Viele verwechselten eine Depression jedoch immer noch mit «schlecht drauf sein». Oft treffe sie Menschen, die als Gesunde sehr verantwortlich und leistungsorientiert seien. Die Veränderungen der Persönlichkeit stellten Mitmenschen deshalb vor ein besonders großes Rätsel. Sätze wie «Nun reiß‘ dich mal zusammen» bewirkten aber nur noch größere Verzweiflung der Betroffenen. «Bei einer schweren Depression kann sich auch der disziplinierteste Mensch nicht am eigenen Schopf aus dem Sumpf ziehen», sagt Hegerl. Mit professioneller Hilfe aber sei sie meist gut behandelbar.

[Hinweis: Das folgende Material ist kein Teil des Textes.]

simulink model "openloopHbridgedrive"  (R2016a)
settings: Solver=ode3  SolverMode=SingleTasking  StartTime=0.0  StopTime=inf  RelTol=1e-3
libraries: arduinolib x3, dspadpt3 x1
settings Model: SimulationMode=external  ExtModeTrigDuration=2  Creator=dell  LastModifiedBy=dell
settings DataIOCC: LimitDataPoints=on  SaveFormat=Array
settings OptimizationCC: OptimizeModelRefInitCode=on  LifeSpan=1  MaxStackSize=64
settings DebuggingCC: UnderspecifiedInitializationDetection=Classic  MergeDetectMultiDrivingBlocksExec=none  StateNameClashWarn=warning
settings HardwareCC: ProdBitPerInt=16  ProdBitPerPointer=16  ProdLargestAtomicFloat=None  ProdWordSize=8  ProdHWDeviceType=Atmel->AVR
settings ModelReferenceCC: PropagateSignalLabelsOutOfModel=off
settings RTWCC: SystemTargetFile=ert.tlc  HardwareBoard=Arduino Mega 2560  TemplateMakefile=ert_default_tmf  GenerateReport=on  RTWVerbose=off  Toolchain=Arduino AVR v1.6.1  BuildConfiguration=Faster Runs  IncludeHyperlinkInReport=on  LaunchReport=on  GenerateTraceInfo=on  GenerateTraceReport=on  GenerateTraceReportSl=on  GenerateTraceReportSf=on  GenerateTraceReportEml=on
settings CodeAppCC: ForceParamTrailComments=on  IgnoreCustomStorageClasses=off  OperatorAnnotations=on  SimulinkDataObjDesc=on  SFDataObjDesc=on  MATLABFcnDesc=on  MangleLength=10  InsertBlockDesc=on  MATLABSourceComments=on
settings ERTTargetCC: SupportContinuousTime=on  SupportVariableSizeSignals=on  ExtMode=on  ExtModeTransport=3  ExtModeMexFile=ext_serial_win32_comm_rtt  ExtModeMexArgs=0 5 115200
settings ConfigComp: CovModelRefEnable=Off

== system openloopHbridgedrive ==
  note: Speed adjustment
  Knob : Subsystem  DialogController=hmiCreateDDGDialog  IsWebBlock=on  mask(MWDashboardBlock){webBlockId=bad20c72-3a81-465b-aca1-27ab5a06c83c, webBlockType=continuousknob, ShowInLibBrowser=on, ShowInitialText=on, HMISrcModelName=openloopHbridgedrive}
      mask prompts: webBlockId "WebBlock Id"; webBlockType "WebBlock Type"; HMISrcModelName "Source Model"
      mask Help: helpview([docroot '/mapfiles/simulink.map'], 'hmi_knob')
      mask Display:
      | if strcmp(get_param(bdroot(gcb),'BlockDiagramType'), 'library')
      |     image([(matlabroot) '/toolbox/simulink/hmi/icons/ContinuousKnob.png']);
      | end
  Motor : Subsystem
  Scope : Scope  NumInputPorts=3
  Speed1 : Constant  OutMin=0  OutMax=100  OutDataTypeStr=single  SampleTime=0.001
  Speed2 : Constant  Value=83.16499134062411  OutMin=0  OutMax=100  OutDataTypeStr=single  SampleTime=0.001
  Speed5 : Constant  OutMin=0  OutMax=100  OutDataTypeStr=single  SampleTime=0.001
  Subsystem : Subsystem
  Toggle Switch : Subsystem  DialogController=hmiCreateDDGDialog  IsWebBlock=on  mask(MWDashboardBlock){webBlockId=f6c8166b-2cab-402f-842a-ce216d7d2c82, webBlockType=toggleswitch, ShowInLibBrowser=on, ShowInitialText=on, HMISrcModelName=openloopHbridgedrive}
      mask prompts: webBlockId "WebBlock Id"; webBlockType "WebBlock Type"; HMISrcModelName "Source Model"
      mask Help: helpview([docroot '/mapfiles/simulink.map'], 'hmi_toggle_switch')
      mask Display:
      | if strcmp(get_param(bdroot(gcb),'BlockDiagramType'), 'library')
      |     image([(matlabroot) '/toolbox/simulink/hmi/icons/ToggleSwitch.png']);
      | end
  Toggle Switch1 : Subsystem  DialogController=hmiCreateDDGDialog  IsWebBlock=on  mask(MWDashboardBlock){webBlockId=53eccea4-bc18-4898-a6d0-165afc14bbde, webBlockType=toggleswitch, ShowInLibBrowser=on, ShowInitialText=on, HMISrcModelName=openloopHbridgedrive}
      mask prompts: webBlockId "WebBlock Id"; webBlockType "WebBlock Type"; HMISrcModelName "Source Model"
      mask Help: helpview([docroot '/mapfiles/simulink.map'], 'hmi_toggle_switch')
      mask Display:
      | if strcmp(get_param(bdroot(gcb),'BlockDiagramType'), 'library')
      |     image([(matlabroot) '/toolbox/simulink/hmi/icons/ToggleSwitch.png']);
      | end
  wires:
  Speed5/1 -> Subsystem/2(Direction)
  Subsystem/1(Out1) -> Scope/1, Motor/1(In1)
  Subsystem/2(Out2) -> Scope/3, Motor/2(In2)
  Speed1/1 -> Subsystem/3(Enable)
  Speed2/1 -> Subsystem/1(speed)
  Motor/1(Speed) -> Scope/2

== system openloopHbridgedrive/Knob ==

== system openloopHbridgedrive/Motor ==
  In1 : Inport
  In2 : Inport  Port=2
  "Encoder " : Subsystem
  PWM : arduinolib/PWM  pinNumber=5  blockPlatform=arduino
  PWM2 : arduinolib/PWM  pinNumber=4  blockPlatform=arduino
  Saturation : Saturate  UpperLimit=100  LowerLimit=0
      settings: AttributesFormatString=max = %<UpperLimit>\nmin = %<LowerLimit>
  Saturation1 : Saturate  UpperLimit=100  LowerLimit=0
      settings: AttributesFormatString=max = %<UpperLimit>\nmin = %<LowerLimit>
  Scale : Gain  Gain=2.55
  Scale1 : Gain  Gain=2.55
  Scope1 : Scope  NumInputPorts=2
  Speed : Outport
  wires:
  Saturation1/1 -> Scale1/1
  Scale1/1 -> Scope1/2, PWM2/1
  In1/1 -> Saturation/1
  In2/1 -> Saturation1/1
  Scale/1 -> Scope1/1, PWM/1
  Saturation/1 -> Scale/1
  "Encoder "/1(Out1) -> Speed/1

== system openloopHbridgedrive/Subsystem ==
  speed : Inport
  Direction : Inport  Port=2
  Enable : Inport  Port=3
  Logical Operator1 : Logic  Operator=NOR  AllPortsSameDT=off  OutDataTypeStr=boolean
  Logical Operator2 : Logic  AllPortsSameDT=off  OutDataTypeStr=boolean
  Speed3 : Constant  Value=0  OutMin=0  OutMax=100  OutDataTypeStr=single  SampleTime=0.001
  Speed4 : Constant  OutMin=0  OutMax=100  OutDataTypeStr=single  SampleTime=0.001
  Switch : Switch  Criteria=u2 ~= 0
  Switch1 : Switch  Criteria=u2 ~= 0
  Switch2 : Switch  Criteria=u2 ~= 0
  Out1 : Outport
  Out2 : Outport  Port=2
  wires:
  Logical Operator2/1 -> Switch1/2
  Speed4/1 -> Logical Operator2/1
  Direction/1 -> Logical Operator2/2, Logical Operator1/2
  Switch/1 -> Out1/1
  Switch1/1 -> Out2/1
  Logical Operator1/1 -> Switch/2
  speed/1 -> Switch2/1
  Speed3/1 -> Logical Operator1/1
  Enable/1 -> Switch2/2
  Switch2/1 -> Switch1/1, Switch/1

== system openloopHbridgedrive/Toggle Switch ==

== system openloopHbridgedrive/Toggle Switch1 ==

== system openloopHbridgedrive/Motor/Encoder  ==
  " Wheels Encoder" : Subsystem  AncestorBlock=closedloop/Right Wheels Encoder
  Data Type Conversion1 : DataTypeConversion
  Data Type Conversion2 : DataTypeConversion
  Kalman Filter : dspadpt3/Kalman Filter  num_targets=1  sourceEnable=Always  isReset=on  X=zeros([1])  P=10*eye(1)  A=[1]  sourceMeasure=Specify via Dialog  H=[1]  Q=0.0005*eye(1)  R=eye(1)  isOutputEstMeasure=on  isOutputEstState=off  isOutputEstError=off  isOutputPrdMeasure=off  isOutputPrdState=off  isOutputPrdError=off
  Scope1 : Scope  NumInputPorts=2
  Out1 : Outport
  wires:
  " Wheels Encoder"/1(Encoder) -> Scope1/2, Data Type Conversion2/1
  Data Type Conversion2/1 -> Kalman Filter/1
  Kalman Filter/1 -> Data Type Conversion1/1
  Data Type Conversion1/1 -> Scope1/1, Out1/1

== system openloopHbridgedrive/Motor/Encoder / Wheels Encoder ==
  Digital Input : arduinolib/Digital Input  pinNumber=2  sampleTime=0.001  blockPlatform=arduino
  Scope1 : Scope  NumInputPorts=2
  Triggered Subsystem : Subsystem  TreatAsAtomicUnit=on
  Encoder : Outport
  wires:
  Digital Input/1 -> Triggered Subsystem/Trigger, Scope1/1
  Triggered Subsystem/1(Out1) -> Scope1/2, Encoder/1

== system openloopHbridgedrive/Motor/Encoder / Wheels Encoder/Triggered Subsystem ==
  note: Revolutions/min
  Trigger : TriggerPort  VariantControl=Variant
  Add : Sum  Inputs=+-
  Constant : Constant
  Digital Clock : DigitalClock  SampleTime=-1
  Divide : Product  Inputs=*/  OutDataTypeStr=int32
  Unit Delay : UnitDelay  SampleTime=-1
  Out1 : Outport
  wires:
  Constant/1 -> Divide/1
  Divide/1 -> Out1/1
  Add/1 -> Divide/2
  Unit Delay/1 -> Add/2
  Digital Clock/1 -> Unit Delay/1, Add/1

Neigungen zu Depressionen können genetisch bedingt sein, aber auch durch traumatische Erlebnisse entstehen. «Die Veranlagung führt zu veränderten Hirnfunktionen, zum Beispiel zu stärkeren Reaktionen auf Stress unterschiedlichster Art», erläutert der Experte. Viele Botenstoffe im Körper, die den Schlaf steuerten, den Appetit, aber auch die Fähigkeit Freude oder Hoffnung zu empfinden, wirkten anders. Die Depression rückt alles Negative ins Zentrum des Erlebens und vergrößert es riesenhaft: Stress im Job, in der Partnerschaft oder auch körperliche Beschwerden.
Vorurteile gegenüber Depressionen sind tief verwurzelt. Doch Hegerl sieht Fortschritte. Die Krankheit werde heute häufiger erkannt. Es steige also nicht die Häufigkeit an sich, sondern die Zahl der Diagnosen. «Eine sensationell gute Entwicklung sind die sinkenden Suizidraten in Deutschland», sagt er. Ein gutes Zeichen sei auch, dass Prominente wie Adele oder Bruce Springsteen offen über ihre Erkrankung sprächen.
Dennoch kann es auch mit gutem Willen ein weiter Weg bis zum richtigen Arzt sein. «Depression ist die Erkrankung in unserem Gesundheitssystem mit dem größten Optimierungsspielraum», formuliert es Hegerl vorsichtig. Obwohl mit Antidepressiva und Psychotherapie gute Möglichkeiten zur Verfügung stünden, erhalte nur eine Minderheit der Patienten eine Behandlung nach den Leitlinien.
Dorothea Möller versucht bis heute, die Erkrankung ihres Mannes zu verstehen. Sie hat stapelweise Bücher darüber gelesen und mit anderen Betroffenen gesprochen. Nun vermeidet sie Druck, plötzliche Veränderungen und übt sich in Geduld. «Die Antidepressiva haben ihn ausgeglichener gemacht», sagt sie. Ihr Mann könne wieder arbeiten, aber maximal halbtags und ohne eigene Kanzlei. Doch einer Therapie verweigere er sich nach wie vor. «Er nennt die Depression eine Schwächephase», sagt sie. «So lange sich das nicht ändert, komme ich nicht zurück.»